第13ー1話:美人デコイとトロイの木馬1
北前船がローレンシアの港に接岸し、
冷気漂うコンテナから「生鮮食品」と「支援物資」が次々と陸揚げされていく。
北の前線国、ローレンシア国。
魔王軍の拠点の一つ、バルティカ地方を北西の山脈越しに臨む。
魔王軍の拠点がもう一つ、東の端のインドア半島にある。
北西の山脈と東の端、片方に全力を注げない構造になっている。
全力を注ごうとしたら、後方を脅かされるため膠着するのも必然だから。
しかし、魔王軍の側からしても山脈越えでは大軍の動員は難しい。
つまりは双方が膠着状態で停滞するのも必然。
ミントはサロンで情報収集ついでにポーカーをしていた。
「ミント様、お遊びの最中に失礼。……『VIP』から至急の呼び出しです」
スタッフの慇懃な態度に、周囲がざわつく。
「誰かしら?……では失礼します」
席を立ち、重厚な扉のVIPルームの前に立った。
扉を開けると、そこには困り笑いを浮かべたアイリス王女が立っている。
彼女は学園で親しくなった令嬢クロエに招待され、このローレンシア国を訪れたそうだ。
そしてミントを探していたという、二人の「迷子」を連れていた。
灰色の髪に健康的な浅黒い肌。
その肌には、幾何学的なタトゥーが刻まれていた。
「面白い異邦人がいると聞き、相談があり来ました。
私は魔王の娘ペルセ、こちらは従者のエリスです」
と自己紹介された。
「まずい、ここを押さえられたら内通者扱いだ。二人とも破滅です!」
ミントの背中に、冷たい汗が流れる。
慌てるミントを、アイリスが静かな、だが拒絶を許さない力で制した。
「落ち着いてください。全てを救えない、
それでも助けを求められたなら、見捨てずに検討する。
それが私の思う、持てる者の義務です」
その手の温かさが、パニック寸前のミントの思考を強引に静止させた。
溜息をつき、ソファーに座る。
「ーーわかりました。お話を伺いましょう、幸い他の人間はいない」
ソファーに座り直す。
「私の願いは、人類と戦いたくない。しかし人類が魔王を倒すと、人類は父の仇になります。

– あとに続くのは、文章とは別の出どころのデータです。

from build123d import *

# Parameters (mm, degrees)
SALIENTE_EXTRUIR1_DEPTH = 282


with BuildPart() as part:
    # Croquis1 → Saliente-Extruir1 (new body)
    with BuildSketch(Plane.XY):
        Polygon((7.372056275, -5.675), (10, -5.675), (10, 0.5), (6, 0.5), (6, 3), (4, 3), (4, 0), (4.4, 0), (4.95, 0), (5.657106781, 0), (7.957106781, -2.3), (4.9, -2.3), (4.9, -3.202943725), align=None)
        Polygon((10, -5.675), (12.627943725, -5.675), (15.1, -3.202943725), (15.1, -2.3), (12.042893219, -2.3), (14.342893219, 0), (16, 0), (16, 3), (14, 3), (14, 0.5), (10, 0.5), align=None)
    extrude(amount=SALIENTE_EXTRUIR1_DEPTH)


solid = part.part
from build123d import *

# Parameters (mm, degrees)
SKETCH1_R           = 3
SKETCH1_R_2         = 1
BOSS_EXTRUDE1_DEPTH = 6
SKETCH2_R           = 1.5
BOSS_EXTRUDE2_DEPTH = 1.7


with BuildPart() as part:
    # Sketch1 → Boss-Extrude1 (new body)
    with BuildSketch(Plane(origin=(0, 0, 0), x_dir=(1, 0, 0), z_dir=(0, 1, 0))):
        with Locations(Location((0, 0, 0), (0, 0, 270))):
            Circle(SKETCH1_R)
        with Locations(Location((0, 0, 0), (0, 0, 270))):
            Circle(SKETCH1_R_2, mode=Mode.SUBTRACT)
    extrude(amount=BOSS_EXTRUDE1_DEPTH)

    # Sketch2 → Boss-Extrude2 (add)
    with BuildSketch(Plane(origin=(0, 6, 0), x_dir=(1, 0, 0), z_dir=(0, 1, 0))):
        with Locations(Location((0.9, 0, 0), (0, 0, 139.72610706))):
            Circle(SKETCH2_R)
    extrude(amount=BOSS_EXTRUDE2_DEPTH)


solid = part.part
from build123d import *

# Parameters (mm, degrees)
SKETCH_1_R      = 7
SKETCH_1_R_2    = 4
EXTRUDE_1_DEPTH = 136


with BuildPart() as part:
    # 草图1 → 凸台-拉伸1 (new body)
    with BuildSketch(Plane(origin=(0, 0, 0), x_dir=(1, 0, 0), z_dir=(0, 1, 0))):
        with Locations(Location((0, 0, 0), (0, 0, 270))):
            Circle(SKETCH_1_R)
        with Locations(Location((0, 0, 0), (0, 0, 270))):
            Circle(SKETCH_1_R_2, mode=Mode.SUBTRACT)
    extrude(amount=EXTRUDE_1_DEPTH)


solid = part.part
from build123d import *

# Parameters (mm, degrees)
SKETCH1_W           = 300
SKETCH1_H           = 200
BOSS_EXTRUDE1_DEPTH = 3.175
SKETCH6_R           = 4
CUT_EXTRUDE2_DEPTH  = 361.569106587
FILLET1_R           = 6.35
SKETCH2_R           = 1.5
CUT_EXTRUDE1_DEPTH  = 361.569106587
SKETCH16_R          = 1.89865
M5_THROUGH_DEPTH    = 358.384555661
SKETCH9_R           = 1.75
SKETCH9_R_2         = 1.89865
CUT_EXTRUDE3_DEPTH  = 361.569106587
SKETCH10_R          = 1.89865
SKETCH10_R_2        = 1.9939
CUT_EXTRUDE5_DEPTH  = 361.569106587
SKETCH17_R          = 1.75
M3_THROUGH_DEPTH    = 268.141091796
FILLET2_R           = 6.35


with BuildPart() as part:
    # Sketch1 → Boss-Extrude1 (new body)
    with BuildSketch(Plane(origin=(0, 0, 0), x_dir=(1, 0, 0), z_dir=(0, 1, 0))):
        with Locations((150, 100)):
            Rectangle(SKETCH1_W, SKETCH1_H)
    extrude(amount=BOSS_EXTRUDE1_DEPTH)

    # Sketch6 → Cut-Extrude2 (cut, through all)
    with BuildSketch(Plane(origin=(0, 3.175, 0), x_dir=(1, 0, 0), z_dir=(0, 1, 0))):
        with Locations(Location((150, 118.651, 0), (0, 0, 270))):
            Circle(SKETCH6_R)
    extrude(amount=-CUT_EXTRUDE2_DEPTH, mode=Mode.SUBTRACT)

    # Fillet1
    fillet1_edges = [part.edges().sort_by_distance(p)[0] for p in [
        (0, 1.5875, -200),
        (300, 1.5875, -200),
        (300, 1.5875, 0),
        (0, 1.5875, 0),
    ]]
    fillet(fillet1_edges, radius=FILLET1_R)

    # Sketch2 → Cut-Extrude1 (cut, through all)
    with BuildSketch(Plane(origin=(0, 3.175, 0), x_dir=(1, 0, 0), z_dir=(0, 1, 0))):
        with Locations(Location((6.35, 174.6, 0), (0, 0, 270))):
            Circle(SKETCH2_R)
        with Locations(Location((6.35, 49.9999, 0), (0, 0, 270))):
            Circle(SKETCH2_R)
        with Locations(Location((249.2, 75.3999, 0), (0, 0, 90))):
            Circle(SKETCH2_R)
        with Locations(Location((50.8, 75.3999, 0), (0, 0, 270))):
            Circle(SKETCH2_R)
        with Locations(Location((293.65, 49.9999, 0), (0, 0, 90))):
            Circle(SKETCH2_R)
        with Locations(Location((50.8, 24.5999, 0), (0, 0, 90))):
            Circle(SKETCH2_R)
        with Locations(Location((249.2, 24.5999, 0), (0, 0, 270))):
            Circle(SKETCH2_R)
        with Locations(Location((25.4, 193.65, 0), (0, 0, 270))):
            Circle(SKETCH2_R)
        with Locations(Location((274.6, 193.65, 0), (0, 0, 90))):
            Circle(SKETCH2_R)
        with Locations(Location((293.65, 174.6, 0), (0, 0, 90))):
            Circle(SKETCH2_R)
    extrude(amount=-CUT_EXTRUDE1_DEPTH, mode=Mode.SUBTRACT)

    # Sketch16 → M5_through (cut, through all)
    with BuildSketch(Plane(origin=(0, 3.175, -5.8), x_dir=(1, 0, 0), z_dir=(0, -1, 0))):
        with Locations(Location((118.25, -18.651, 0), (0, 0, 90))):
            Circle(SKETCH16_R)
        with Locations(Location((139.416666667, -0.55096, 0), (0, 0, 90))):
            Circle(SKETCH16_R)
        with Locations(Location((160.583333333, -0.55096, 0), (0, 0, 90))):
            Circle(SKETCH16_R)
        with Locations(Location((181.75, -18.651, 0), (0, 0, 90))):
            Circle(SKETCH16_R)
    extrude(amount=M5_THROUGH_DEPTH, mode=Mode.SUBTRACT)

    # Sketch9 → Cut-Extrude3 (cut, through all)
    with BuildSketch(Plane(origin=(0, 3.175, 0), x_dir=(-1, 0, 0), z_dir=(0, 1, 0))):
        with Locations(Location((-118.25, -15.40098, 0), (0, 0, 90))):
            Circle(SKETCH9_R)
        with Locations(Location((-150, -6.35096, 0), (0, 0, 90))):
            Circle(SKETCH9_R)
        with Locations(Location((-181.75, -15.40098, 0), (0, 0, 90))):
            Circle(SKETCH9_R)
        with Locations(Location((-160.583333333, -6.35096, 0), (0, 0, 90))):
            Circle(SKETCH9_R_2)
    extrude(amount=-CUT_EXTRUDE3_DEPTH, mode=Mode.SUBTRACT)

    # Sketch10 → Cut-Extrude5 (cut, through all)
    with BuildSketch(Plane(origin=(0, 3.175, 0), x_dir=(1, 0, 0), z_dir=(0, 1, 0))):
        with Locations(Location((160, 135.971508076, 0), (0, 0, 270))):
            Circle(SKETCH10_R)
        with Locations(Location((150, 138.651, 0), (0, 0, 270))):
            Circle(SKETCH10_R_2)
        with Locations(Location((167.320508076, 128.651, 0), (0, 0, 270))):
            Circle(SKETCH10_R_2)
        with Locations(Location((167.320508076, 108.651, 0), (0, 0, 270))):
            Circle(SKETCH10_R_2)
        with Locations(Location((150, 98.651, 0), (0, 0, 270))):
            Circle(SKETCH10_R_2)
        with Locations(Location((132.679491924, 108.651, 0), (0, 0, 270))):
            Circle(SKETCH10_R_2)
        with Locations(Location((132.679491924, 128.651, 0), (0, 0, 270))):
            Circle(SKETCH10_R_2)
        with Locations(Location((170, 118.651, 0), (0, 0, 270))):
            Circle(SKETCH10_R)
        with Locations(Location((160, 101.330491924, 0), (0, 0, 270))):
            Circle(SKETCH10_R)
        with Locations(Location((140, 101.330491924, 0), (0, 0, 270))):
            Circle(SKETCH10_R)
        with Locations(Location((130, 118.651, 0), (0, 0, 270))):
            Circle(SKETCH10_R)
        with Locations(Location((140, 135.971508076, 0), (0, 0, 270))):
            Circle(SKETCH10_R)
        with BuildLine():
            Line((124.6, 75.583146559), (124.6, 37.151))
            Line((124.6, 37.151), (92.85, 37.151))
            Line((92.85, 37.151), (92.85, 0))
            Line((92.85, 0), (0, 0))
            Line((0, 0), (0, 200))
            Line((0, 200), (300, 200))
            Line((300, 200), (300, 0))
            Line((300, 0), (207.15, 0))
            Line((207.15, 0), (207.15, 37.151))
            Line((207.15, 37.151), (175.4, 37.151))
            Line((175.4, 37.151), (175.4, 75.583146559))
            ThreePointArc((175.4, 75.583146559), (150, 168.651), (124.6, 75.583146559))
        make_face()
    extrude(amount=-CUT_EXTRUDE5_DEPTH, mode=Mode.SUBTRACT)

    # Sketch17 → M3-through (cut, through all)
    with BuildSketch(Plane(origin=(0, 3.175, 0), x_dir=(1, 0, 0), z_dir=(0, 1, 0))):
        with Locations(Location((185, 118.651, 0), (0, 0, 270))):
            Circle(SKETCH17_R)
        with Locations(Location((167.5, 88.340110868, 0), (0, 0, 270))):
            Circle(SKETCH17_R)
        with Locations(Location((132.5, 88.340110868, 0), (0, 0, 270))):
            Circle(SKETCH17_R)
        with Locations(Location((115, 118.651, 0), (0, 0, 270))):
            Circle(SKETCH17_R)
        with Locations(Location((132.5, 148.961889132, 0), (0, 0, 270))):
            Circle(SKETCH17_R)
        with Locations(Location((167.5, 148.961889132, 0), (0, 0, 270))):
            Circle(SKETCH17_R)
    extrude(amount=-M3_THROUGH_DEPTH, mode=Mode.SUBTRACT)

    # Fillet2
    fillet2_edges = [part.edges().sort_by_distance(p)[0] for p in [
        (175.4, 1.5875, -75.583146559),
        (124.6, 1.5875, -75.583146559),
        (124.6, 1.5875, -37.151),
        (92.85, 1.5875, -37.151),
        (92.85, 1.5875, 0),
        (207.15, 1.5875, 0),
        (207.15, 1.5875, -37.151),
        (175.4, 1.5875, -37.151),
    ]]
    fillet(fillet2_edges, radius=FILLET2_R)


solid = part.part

その時、私は次代の魔王として人類と戦わなくてはいけない」
ペルセという少女は、魔王の娘という仰々しい肩書きとは裏腹に、線が細く穏やかな瞳をしている。
戦場よりも、詩を嗜んだり、アトリエで風景画でも描いている方が似合いそうだ。
「つまり、ワタシに停戦交渉をまとめて欲しい、と。そもそも魔王と魔族ってなんでしょう?」
ミントの純粋な疑問に、ペルセの背後に控えていたメイド――エリスが、鋭い視線を投げかけてきた。
「魔物を扱える、だから魔族。魔族の長は人間の勇者のように突出した個。
次代の魔王であるお嬢様も当然」
主人の三歩後ろに控え、メイド服を完全に着こなすメイドさん。
「こんな基礎的なことを知らない人間を相手にするのは、時間の無駄では?」
無口ではなく、悪口なメイドだった。
しばらく考え、ミントが重い口を開く。
ミントは人類の代表ではないが、この部屋には魔族と人類の国の次代の代表がいる。
「アイリス様、頼みがあります」
「どうぞ」
アイリスは、いつもの太陽のような笑顔で即答した。
「……プランの内容も、予測されるデメリットもまだ説明してませんよ?」
「いつもの最低(な手段)で最高な(結果の)プランでしょ? 頼ってくれて嬉しいわ」
と、いたずらっぽく王女が笑う。
ミントはペルセに向き直った。
「娘さんは、独立中立宣言をしてください。山脈を境界線として」
「……それは人類に利するだけでは? 我らには何のメリットもない」
従者のエリスが鋭く指摘する。
「膠着状態では交渉出来ない。不利にならないと、魔王を交渉のテーブルまで引っ張り出せない」
「お嬢様を裏切ったら、万死に値します。その時は覚悟なさい」
従者のエリスの視線が厳しくなるが、ミントは動じない。
「山脈がある限り、人類側も大軍の動員は難しい。これは現状の安全の物理的な保証。
独立宣言を受け、アイリス様にはその領土を『国家』として公式に承認していただく。
中立宣言で、山脈の向こう側を魔族の正当な生存圏として、法的に保証する。
つまり、法的に中立の魔族の独立国を立ち上げる」
ミントの視線が、地図上の東端のインドア半島へと移る。
「魔王領は半島、袋小路。だから、背水の陣で戦わざるを得ない。
そこに『山脈側の独立国家』という別の生存圏の可能性を与える。
ただ、半島という領土は捨てることになるかもしれない」
転生前のガイアの言葉が思い出された。